Data for processing =>
============

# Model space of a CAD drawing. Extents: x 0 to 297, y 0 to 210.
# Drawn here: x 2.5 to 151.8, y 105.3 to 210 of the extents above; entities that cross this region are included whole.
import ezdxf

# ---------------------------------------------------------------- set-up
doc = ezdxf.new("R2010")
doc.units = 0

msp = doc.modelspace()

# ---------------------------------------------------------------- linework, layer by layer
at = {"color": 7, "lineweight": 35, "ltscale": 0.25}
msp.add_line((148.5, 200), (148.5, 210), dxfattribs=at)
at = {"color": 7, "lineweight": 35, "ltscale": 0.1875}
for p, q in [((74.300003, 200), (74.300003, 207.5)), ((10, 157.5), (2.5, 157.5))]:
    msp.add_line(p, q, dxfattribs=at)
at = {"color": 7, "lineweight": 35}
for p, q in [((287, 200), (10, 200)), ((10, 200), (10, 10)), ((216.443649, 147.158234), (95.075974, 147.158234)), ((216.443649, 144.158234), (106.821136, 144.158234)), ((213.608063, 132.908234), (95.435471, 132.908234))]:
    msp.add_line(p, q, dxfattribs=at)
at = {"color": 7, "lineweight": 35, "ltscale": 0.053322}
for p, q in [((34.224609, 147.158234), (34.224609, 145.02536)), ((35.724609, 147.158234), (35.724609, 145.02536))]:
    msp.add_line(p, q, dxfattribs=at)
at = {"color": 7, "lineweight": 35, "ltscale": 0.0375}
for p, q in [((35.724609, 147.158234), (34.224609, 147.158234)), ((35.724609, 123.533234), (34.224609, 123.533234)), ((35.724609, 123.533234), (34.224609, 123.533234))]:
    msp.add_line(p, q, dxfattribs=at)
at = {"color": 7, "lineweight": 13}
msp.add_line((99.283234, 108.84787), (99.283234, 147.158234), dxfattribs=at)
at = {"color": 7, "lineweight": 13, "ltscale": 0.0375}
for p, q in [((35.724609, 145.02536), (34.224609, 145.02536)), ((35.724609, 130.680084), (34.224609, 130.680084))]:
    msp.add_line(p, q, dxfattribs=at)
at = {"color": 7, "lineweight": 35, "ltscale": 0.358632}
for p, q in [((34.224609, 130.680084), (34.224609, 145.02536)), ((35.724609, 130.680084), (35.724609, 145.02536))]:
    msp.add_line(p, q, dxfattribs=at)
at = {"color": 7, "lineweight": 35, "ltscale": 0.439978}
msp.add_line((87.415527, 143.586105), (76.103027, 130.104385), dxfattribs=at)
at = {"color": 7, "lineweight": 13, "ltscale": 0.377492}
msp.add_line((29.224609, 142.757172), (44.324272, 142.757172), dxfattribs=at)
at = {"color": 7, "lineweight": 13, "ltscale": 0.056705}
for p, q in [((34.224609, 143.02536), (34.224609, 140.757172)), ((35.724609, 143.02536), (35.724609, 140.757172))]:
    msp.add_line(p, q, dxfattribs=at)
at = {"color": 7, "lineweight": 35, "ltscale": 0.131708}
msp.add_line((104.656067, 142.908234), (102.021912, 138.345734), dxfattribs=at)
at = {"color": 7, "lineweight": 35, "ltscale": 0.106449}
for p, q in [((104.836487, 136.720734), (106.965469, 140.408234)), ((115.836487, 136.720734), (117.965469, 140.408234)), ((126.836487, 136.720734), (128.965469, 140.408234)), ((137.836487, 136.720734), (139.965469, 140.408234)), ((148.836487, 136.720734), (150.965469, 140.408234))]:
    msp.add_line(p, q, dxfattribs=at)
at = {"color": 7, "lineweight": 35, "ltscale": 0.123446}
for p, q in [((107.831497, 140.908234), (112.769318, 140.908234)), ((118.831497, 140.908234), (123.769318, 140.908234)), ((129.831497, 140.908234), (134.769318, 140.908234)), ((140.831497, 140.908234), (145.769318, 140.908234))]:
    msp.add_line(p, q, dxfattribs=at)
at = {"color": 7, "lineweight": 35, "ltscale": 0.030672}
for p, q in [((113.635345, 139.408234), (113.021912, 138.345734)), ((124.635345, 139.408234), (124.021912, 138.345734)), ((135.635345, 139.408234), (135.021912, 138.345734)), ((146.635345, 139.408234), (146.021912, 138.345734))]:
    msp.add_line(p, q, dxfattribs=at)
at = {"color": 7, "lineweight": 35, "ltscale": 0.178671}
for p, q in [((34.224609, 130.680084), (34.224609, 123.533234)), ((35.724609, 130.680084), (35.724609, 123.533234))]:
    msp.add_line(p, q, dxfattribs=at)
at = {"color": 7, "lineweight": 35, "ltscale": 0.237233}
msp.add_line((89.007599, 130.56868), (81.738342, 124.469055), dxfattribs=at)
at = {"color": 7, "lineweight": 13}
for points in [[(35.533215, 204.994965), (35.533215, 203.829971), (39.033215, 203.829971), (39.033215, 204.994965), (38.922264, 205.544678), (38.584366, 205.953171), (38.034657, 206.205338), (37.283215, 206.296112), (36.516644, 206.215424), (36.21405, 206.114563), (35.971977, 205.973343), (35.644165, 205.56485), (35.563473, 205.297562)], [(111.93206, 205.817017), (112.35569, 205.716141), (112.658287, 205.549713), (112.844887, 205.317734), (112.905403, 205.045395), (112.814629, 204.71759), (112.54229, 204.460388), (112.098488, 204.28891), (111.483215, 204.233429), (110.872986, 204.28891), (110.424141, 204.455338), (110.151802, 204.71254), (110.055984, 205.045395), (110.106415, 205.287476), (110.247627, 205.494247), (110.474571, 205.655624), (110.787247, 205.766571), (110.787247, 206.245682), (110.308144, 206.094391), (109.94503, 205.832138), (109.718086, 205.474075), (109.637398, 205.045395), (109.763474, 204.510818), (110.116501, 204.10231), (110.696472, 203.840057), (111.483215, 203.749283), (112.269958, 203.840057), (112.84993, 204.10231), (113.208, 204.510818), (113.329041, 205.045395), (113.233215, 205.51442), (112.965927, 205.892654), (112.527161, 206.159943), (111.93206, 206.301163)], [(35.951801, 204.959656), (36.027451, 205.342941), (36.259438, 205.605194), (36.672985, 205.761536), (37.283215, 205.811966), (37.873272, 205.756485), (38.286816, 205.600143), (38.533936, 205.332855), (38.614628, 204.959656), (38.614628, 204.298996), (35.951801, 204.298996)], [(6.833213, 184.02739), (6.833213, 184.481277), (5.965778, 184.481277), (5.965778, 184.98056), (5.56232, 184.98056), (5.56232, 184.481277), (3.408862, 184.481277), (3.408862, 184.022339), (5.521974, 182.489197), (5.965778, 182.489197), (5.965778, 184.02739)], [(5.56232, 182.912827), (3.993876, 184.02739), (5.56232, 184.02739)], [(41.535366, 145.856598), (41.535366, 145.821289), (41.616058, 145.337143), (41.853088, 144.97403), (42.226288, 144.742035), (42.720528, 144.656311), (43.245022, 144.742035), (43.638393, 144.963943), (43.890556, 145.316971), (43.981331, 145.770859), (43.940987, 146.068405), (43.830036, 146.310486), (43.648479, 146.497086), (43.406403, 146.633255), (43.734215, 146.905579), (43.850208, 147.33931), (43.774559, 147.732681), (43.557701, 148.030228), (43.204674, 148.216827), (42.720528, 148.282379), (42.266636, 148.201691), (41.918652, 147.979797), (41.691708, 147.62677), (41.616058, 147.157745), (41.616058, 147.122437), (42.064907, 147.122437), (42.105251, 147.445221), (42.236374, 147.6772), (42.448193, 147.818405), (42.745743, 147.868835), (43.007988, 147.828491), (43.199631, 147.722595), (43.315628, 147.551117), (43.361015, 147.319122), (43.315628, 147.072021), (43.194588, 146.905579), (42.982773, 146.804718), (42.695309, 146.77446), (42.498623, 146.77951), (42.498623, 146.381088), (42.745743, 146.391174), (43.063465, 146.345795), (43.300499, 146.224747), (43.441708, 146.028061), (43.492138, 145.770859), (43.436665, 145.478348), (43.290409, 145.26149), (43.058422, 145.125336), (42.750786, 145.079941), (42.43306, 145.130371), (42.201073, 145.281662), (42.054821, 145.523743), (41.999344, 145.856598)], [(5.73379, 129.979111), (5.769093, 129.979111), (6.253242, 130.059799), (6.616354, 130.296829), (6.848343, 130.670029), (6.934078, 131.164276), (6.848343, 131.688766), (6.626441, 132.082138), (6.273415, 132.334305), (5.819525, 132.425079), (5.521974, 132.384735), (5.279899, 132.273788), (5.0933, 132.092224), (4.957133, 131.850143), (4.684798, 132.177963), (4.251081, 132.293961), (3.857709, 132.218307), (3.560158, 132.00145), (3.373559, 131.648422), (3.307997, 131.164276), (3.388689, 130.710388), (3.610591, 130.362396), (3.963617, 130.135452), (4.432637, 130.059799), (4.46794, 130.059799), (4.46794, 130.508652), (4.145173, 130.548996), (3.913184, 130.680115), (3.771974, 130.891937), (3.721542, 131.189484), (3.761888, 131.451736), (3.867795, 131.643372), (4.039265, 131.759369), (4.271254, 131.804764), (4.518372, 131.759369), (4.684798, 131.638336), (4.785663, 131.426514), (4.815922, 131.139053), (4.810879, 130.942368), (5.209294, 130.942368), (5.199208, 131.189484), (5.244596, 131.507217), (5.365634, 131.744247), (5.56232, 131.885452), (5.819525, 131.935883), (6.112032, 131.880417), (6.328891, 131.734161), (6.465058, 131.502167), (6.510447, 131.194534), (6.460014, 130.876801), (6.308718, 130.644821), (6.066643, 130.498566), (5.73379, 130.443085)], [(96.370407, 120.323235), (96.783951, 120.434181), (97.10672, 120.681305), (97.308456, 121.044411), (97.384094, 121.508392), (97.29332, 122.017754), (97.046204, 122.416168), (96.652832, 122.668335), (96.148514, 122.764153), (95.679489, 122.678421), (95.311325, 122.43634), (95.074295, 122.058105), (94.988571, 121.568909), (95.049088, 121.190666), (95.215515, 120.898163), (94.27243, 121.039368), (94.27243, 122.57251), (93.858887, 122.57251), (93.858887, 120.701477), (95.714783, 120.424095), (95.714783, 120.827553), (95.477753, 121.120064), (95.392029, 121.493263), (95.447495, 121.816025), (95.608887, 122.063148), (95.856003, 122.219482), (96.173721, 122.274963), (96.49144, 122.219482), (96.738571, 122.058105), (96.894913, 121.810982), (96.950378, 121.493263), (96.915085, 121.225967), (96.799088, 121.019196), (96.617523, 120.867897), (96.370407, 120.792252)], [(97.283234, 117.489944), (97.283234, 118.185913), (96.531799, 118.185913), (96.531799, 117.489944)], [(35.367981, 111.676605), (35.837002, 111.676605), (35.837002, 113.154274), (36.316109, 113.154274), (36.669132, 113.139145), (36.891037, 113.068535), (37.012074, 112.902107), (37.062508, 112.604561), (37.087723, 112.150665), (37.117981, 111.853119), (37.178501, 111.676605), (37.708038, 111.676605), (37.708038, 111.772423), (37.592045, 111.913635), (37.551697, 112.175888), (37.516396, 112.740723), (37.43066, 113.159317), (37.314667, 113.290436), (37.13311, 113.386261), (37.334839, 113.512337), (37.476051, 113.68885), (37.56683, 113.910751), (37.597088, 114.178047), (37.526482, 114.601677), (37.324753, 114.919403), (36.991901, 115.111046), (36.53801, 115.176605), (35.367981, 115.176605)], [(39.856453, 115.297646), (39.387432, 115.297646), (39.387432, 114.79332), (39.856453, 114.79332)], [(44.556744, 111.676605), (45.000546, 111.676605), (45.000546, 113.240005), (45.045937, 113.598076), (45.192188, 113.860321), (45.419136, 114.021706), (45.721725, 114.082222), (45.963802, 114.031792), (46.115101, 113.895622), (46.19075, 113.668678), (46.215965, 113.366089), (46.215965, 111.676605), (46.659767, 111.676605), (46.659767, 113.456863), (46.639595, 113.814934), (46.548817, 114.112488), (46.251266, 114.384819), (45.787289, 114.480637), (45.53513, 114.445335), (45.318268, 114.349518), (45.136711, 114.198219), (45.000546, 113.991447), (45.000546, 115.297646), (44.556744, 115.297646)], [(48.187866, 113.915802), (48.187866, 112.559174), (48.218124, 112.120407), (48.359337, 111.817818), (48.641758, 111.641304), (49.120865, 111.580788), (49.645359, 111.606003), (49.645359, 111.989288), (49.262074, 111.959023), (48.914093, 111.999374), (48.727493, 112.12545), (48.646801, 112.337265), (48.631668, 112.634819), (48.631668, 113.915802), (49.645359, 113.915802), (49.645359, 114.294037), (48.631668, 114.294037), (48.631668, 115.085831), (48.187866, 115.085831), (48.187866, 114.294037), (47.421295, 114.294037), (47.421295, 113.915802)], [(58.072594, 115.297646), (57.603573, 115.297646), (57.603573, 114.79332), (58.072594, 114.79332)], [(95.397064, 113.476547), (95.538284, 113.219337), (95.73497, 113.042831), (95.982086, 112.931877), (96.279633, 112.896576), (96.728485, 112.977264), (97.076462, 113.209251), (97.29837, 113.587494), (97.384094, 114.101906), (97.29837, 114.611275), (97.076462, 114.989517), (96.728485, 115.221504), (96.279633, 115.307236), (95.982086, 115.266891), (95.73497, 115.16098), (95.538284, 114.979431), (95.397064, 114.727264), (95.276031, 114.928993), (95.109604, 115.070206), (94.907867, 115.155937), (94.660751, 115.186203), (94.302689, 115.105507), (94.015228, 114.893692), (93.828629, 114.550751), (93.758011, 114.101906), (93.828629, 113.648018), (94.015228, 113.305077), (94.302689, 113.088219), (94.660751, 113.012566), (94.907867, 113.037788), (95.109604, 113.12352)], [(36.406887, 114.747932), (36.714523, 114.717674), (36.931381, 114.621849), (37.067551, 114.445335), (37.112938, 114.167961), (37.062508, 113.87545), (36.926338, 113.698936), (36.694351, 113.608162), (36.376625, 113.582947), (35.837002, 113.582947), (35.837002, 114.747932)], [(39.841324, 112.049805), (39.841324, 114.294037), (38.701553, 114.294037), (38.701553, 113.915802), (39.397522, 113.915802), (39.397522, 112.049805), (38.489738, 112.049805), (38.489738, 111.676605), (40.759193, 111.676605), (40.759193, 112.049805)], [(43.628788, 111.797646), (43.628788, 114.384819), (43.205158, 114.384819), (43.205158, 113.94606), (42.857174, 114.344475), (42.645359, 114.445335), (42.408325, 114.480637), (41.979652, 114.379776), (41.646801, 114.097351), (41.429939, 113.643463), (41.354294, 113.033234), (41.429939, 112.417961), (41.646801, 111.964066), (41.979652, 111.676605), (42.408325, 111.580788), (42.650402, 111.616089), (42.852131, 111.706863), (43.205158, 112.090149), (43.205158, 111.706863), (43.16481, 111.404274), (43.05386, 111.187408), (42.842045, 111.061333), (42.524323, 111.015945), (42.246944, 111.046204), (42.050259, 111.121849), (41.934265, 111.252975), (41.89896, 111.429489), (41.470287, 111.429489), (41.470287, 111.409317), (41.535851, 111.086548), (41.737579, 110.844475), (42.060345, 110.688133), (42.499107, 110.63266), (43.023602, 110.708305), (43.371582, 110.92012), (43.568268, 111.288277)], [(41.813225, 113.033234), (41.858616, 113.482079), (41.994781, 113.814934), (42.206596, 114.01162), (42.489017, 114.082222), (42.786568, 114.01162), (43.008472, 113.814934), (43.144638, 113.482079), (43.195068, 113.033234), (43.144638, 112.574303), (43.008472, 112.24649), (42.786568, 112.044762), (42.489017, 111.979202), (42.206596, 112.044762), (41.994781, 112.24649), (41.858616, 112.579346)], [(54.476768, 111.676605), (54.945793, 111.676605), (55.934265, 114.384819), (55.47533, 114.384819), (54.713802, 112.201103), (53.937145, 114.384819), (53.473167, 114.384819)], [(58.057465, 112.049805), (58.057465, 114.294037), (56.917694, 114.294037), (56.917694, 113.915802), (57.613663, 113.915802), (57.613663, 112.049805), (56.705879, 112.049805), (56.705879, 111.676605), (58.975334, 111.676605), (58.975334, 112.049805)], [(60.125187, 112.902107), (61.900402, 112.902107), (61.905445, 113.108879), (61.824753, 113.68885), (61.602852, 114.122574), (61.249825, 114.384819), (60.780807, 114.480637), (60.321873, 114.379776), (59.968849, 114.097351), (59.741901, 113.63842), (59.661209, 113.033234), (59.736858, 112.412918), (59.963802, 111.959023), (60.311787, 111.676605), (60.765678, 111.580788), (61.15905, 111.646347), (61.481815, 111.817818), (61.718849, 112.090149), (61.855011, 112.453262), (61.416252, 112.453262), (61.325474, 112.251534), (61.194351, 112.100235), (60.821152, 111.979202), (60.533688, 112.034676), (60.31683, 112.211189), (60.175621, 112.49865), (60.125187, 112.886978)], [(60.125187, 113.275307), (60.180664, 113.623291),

============

Work request => Using only the entries above, output the line with "(99.283234, 147.158234), dxfattribs=at)", the line with "(76.103027, 130.104385), dxfattribs=at)", and all lines between them, exactly as they stand.

Solution =>
msp.add_line((99.283234, 108.84787), (99.283234, 147.158234), dxfattribs=at)
at = {"color": 7, "lineweight": 13, "ltscale": 0.0375}
for p, q in [((35.724609, 145.02536), (34.224609, 145.02536)), ((35.724609, 130.680084), (34.224609, 130.680084))]:
    msp.add_line(p, q, dxfattribs=at)
at = {"color": 7, "lineweight": 35, "ltscale": 0.358632}
for p, q in [((34.224609, 130.680084), (34.224609, 145.02536)), ((35.724609, 130.680084), (35.724609, 145.02536))]:
    msp.add_line(p, q, dxfattribs=at)
at = {"color": 7, "lineweight": 35, "ltscale": 0.439978}
msp.add_line((87.415527, 143.586105), (76.103027, 130.104385), dxfattribs=at)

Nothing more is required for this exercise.